My guys eat a grain free diet, but DO get treats that have grains in them.


----------



## 814 (Jul 3, 2009)

I agree with you, dogs do not digest grains. Did you know that the advent of dog food started in the great depression as a way to use the grains that could not be sold. It was marketed as a cheap way to feed your dog. Before that they got they scraps from the family be it dinner scraps or leftovers from butchering meat or game. The best quote I read was "would you feed your snake cherrios?" I can't remember where I read it but it was right on.
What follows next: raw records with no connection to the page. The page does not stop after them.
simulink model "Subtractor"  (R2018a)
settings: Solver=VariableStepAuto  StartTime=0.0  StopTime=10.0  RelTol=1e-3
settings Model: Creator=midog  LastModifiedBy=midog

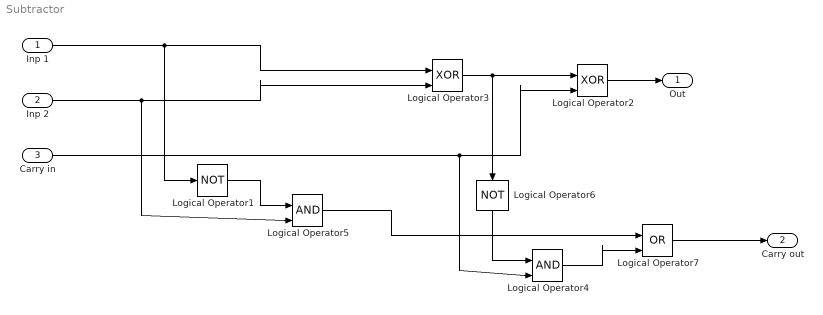
== system Subtractor ==
  Inp 1 : Inport
  Inp 2 : Inport  Port=2
  Carry in : Inport  Port=3
  Logical Operator1 : Logic  Operator=NOT  IconShape=distinctive  AllPortsSameDT=off  OutDataTypeStr=boolean
  Logical Operator2 : Logic  Operator=XOR  IconShape=distinctive  AllPortsSameDT=off  OutDataTypeStr=boolean
  Logical Operator3 : Logic  Operator=XOR  IconShape=distinctive  AllPortsSameDT=off  OutDataTypeStr=boolean
  Logical Operator4 : Logic  IconShape=distinctive  AllPortsSameDT=off  OutDataTypeStr=boolean
  Logical Operator5 : Logic  IconShape=distinctive  AllPortsSameDT=off  OutDataTypeStr=boolean
  Logical Operator6 : Logic  Operator=NOT  IconShape=distinctive  AllPortsSameDT=off  OutDataTypeStr=boolean
  Logical Operator7 : Logic  Operator=OR  IconShape=distinctive  AllPortsSameDT=off  OutDataTypeStr=boolean
  Out : Outport
  Carry out : Outport  Port=2
  wires:
  Logical Operator7/1 -> Carry out/1
  Logical Operator5/1 -> Logical Operator7/1
  Carry in/1 -> Logical Operator4/2, Logical Operator2/2
  Logical Operator1/1 -> Logical Operator5/1
  Logical Operator6/1 -> Logical Operator4/1
  Inp 2/1 -> Logical Operator5/2, Logical Operator3/2
  Inp 1/1 -> Logical Operator1/1, Logical Operator3/1
  Logical Operator4/1 -> Logical Operator7/2
  Logical Operator3/1 -> Logical Operator6/1, Logical Operator2/1
  Logical Operator2/1 -> Out/1

You never see dogs sneaking out into the corn fields gobbling up all the corn lol.


----------



## KPoos (Aug 29, 2009)

gingersnap said:


> I agree with you, dogs do not digest grains. Did you know that the advent of dog food started in the great depression as a way to use the grains that could not be sold. It was marketed as a cheap way to feed your dog. Before that they got they scraps from the family be it dinner scraps or leftovers from butchering meat or game. The best quote I read was "would you feed your snake cherrios?" I can't remember where I read it but it was right on. You never see dogs sneaking out into the corn fields gobbling up all the corn lol.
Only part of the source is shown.